▶ [Work task]
Scan the entries and copy each line where the word "BlowOffONPressure" is present.

▶ [Entries supplied]
--- --- ---
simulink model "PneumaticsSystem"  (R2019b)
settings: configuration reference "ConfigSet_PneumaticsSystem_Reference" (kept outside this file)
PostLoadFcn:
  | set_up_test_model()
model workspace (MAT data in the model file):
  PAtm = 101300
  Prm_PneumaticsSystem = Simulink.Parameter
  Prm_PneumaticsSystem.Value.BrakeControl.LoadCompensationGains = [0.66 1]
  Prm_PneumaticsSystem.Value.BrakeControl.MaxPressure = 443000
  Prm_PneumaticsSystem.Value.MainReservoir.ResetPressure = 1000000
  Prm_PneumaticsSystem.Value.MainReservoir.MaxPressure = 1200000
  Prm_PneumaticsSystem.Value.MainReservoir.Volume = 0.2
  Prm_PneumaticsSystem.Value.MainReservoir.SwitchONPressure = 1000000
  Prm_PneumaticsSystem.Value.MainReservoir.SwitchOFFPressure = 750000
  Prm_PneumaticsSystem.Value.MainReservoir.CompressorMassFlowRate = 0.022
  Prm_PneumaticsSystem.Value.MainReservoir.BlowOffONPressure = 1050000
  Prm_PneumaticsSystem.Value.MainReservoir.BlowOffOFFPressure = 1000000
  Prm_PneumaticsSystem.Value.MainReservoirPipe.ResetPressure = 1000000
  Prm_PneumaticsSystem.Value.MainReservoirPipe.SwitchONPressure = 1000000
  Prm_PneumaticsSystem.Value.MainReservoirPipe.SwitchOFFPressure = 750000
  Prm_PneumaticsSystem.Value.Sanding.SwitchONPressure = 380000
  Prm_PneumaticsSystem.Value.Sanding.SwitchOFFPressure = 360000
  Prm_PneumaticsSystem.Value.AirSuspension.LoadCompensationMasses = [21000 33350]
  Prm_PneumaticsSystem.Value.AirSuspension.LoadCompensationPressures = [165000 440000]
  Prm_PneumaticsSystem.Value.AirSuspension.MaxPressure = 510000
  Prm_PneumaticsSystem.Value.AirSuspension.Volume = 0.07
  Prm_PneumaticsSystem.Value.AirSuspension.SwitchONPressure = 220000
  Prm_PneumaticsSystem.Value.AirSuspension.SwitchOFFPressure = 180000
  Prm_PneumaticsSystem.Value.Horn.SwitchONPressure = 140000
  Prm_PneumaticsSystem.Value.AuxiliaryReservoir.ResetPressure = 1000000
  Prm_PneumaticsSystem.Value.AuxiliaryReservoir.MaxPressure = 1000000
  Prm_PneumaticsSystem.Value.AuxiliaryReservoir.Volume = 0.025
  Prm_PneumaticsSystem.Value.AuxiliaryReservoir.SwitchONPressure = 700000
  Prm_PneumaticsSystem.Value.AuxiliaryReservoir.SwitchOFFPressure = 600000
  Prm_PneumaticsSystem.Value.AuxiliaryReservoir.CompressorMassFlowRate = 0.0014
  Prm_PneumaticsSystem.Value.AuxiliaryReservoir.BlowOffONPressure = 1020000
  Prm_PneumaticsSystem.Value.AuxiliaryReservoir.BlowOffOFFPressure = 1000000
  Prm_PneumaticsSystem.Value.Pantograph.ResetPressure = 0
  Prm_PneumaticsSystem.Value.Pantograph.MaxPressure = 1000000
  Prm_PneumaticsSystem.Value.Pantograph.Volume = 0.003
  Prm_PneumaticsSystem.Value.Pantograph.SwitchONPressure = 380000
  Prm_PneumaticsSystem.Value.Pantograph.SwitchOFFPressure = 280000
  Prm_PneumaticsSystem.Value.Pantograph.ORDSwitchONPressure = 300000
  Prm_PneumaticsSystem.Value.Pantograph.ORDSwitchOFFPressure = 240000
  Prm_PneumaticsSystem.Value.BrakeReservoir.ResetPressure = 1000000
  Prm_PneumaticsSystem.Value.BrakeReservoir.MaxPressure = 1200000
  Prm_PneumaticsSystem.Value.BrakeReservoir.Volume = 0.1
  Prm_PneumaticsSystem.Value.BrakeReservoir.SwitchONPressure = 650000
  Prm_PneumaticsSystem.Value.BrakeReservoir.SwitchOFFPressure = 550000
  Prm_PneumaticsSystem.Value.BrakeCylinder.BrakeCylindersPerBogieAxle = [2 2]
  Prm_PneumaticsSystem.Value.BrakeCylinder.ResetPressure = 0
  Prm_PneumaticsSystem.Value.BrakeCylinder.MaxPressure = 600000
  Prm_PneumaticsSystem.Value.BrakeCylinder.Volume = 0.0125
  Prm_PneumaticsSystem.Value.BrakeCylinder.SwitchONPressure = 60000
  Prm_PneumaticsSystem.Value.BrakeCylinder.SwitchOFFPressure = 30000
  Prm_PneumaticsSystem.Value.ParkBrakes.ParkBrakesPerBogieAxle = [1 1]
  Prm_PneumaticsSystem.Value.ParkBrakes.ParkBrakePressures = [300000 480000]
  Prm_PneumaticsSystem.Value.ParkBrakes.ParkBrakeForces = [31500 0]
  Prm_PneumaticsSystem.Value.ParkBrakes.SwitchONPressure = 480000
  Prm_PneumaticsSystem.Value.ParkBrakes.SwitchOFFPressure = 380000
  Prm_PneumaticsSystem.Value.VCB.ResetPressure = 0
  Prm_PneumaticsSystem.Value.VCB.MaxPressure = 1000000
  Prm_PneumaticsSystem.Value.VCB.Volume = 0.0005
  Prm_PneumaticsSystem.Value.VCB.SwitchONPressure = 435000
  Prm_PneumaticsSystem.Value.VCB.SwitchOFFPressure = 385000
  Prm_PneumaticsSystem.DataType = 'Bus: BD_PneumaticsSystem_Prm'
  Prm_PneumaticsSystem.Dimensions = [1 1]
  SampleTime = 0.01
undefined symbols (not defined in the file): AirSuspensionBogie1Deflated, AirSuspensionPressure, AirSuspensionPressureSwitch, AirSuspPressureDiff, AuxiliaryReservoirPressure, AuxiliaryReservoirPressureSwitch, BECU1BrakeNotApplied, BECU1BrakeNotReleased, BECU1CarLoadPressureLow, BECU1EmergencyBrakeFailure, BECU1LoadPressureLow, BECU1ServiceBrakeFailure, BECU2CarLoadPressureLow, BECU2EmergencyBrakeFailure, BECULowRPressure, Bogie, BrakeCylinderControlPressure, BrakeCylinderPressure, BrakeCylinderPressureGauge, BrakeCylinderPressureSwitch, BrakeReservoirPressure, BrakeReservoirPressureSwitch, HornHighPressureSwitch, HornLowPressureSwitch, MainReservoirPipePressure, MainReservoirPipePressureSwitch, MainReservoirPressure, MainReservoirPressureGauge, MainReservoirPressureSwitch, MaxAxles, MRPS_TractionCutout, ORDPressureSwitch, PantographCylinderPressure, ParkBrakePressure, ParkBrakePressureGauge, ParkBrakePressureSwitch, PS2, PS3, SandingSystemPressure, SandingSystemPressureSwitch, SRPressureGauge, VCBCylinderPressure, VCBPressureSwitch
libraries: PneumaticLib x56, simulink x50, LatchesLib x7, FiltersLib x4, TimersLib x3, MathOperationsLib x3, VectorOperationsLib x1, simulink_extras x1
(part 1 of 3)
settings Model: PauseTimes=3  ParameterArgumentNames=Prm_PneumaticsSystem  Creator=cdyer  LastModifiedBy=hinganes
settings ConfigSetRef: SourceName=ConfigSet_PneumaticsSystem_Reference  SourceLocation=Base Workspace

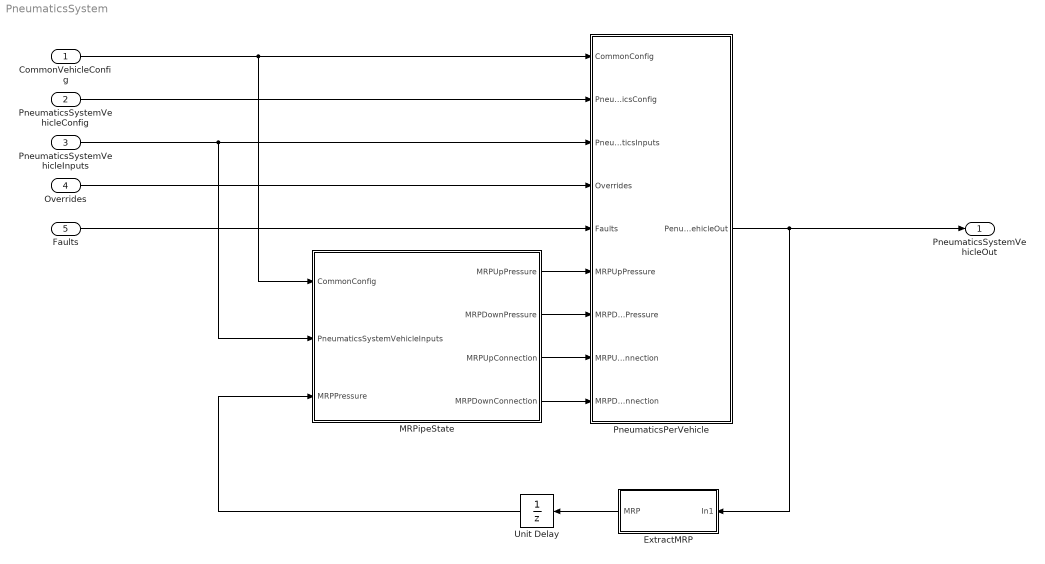
== system PneumaticsSystem ==
  CommonVehicleConfig : Inport  OutDataTypeStr=Bus: BD_CommonTrain_Cfg_Vehicle  PortDimensions=MaxVehicles  BusOutputAsStruct=on
  PneumaticsSystemVehicleConfig : Inport  Port=2  OutDataTypeStr=Bus: BD_PneumaticsSystem_Cfg_Vehicle  PortDimensions=MaxVehicles  BusOutputAsStruct=on
  PneumaticsSystemVehicleInputs : Inport  Port=3  OutDataTypeStr=Bus: BD_PneumaticsSystem_In_Vehicle  PortDimensions=MaxVehicles  BusOutputAsStruct=on
  Overrides : Inport  Port=4  OutDataTypeStr=Bus: BD_PneumaticsSystem_In_Overrides  BusOutputAsStruct=on
  Faults : Inport  Port=5  OutDataTypeStr=Bus: BD_PneumaticsSystem_In_Vehicle_Faults  BusOutputAsStruct=on
  ExtractMRP : Subsystem  TreatAsAtomicUnit=on
  MRPipeState : Subsystem
  PneumaticsPerVehicle : Subsystem
  Unit Delay : UnitDelay  SampleTime=-1  HasFrameUpgradeWarning=on
  PneumaticsSystemVehicleOut : Outport  OutDataTypeStr=Bus: BD_PneumaticsSystem_Out_Vehicle  BusOutputAsStruct=on
  wires:
  Faults/1 -> PneumaticsPerVehicle/5(Faults)
  PneumaticsSystemVehicleInputs/1 -> PneumaticsPerVehicle/3(PneumaticsInputs), MRPipeState/2(PneumaticsSystemVehicleInputs)
  Overrides/1 -> PneumaticsPerVehicle/4(Overrides)
  PneumaticsPerVehicle/1(PenumaticsVehicleOut) -> PneumaticsSystemVehicleOut/1, ExtractMRP/1(In1)
  ExtractMRP/1(MRP) -> Unit Delay/1
  Unit Delay/1 -> MRPipeState/3(MRPPressure)
  MRPipeState/1(MRPUpPressure) -> PneumaticsPerVehicle/6(MRPUpPressure)
  MRPipeState/2(MRPDownPressure) -> PneumaticsPerVehicle/7(MRPDownPressure)
  MRPipeState/3(MRPUpConnection) -> PneumaticsPerVehicle/8(MRPUpConnection)
  CommonVehicleConfig/1 -> MRPipeState/1(CommonConfig), PneumaticsPerVehicle/1(CommonConfig)
  PneumaticsSystemVehicleConfig/1 -> PneumaticsPerVehicle/2(PneumaticsConfig)
  MRPipeState/4(MRPDownConnection) -> PneumaticsPerVehicle/9(MRPDownConnection)

== system PneumaticsSystem/ExtractMRP ==
  In1 : Inport  Partition=on  PartitionDimension=1  PartitionWidth=1  PartitionOffset=0
  Bus Selector1 : BusSelector  OutputSignals=Debug.MainReservoirPipePressure
  For Each : ForEach  DisableCoverage=on
  MRP : Outport  ConcatenationDimension=1
  wires:
  In1/1 -> Bus Selector1/1
  Bus Selector1/1 -> MRP/1  "<MainReservoirPipePressure>"

== system PneumaticsSystem/MRPipeState ==
  CommonConfig : Inport
  PneumaticsSystemVehicleInputs : Inport  Port=2
  MRPPressure : Inport  Port=3
  Extract : Subsystem  TreatAsAtomicUnit=on
  Head : Selector  NumberOfDimensions=2  InputPortWidth=3  IndexOptions=Select all,Index vector (dialog)  Indices=[1],[1]  OutputSizes=1,1
  Orientation Swap : VectorOperationsLib/Orientation Swap
      settings: SourceProductName=Sydac Utilities
  PipeConnections : MATLAB Function  TreatAsAtomicUnit=on
  Product : Product
  Product1 : Product
  Tail : Selector  NumberOfDimensions=2  InputPortWidth=3  IndexOptions=Select all,Index vector (dialog)  Indices=[1],[2]  OutputSizes=1,1
  UpDnSel : MATLAB Function  TreatAsAtomicUnit=on
  MRPUpPressure : Outport
  MRPDownPressure : Outport  Port=2
  MRPUpConnection : Outport  Port=3
  MRPDownConnection : Outport  Port=4
  wires:
  UpDnSel/2(yDn) -> MRPDownPressure/1
  MRPPressure/1 -> UpDnSel/1(u)
  UpDnSel/1(yUp) -> MRPUpPressure/1
  PipeConnections/2(rearState) -> MRPDownConnection/1
  PipeConnections/1(frontState) -> MRPUpConnection/1
  PneumaticsSystemVehicleInputs/1 -> Extract/2(PneumaticsSystemVehicleInputs)
  CommonConfig/1 -> Extract/1(CommonConfig)
  Extract/4(Orientation) -> Orientation Swap/3
  Orientation Swap/1 -> PipeConnections/1(frontCock)  "Front"
  Orientation Swap/2 -> PipeConnections/2(rearCock)  "Rear"
  Product/1 -> Orientation Swap/1
  Product1/1 -> Orientation Swap/2
  Extract/1(Enabled) -> Product1/1, Product/1
  Extract/2(End1Cock) -> Product/2
  Extract/3(End2Cock) -> Product1/2
  Head/1 -> PipeConnections/3(frontCoupled)  "Front"
  Tail/1 -> PipeConnections/4(rearCoupled)  "Rear"
  Extract/5(PneumaticCouplingState) -> Tail/1, Head/1

== system PneumaticsSystem/PneumaticsPerVehicle ==
  CommonConfig : Inport  Partition=on  PartitionDimension=1  PartitionWidth=1  PartitionOffset=0
  PneumaticsConfig : Inport  Port=2  Partition=on  PartitionDimension=1  PartitionWidth=1  PartitionOffset=0
  PneumaticsInputs : Inport  Port=3  Partition=on  PartitionDimension=1  PartitionWidth=1  PartitionOffset=0
  Overrides : Inport  Port=4  Partition=on  PartitionDimension=1  PartitionWidth=1  PartitionOffset=0
  Faults : Inport  Port=5  Partition=on  PartitionDimension=1  PartitionWidth=1  PartitionOffset=0
  MRPUpPressure : Inport  Port=6  Partition=on  PartitionDimension=1  PartitionWidth=1  PartitionOffset=0
  MRPDownPressure : Inport  Port=7  Partition=on  PartitionDimension=1  PartitionWidth=1  PartitionOffset=0
  MRPUpConnection : Inport  Port=8  Partition=on  PartitionDimension=1  PartitionWidth=1  PartitionOffset=0
  MRPDownConnection : Inport  Port=9  Partition=on  PartitionDimension=1  PartitionWidth=1  PartitionOffset=0
  Bus Selector : BusSelector  OutputSignals=Enabled
  For Each : ForEach  DisableCoverage=on
  PneumaticsSystem : Subsystem
  PenumaticsVehicleOut : Outport  ConcatenationDimension=1
  wires:
  CommonConfig/1 -> PneumaticsSystem/1(CommonConfig), Bus Selector/1
  PneumaticsInputs/1 -> PneumaticsSystem/3(PneumaticsInputs)
  Overrides/1 -> PneumaticsSystem/4(Overrides)
  Faults/1 -> PneumaticsSystem/5(Faults)
  MRPUpPressure/1 -> PneumaticsSystem/6(MRPUpPressure)
  MRPDownPressure/1 -> PneumaticsSystem/7(MRPDownPressure)
  MRPUpConnection/1 -> PneumaticsSystem/8(MRPUpConnection)
  MRPDownConnection/1 -> PneumaticsSystem/9(MRPDownConnection)
  PneumaticsSystem/1(PenumaticsVehicleOut) -> PenumaticsVehicleOut/1
  PneumaticsConfig/1 -> PneumaticsSystem/2(PneumaticsConfig)  "Pneumatics"
  Bus Selector/1 -> PneumaticsSystem/Enable  "<Enabled>"

== system PneumaticsSystem/MRPipeState/Extract ==
  CommonConfig : Inport  Partition=on  PartitionDimension=1  PartitionWidth=1  PartitionOffset=0
  PneumaticsSystemVehicleInputs : Inport  Port=2  Partition=on  PartitionDimension=1  PartitionWidth=1  PartitionOffset=0
  Bus Selector : BusSelector  OutputSignals=InputControlStates.InterCarIsolationCockEnd1,InputControlStates.InterCarIsolationCockEnd2,PhysicalSignals.PneumaticallyCoupled,InputControlStates.UncouplingIsolationCock
  Bus Selector2 : BusSelector  OutputSignals=Orientation,Enabled
  For Each : ForEach  DisableCoverage=on
  Logical Operator : Logic  AllPortsSameDT=off  OutDataTypeStr=boolean
  Reshape : Reshape  OutputDimensionality=Row vector (2-D)
  Enabled : Outport  ConcatenationDimension=1
  End1Cock : Outport  Port=2  ConcatenationDimension=1
  End2Cock : Outport  Port=3  ConcatenationDimension=1
  Orientation : Outport  Port=4  ConcatenationDimension=1
  PneumaticCouplingState : Outport  Port=5  ConcatenationDimension=1
  wires:
  CommonConfig/1 -> Bus Selector2/1
  Bus Selector2/1 -> Orientation/1  "<Orientation>"
  Bus Selector2/2 -> Enabled/1  "<Enabled>"
  PneumaticsSystemVehicleInputs/1 -> Bus Selector/1
  Bus Selector/1 -> End1Cock/1  "<InterCarIsolationCockEnd1>"
  Bus Selector/2 -> End2Cock/1  "<InterCarIsolationCockEnd2>"
  Bus Selector/3 -> Logical Operator/1  "<PneumaticallyCoupled>"
  Reshape/1 -> PneumaticCouplingState/1
  Bus Selector/4 -> Logical Operator/2  "<UncouplingIsolationCock>"
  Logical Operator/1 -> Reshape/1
--- --- ---
▶ [Solution]
  Prm_PneumaticsSystem.Value.MainReservoir.BlowOffONPressure = 1050000
  Prm_PneumaticsSystem.Value.AuxiliaryReservoir.BlowOffONPressure = 1020000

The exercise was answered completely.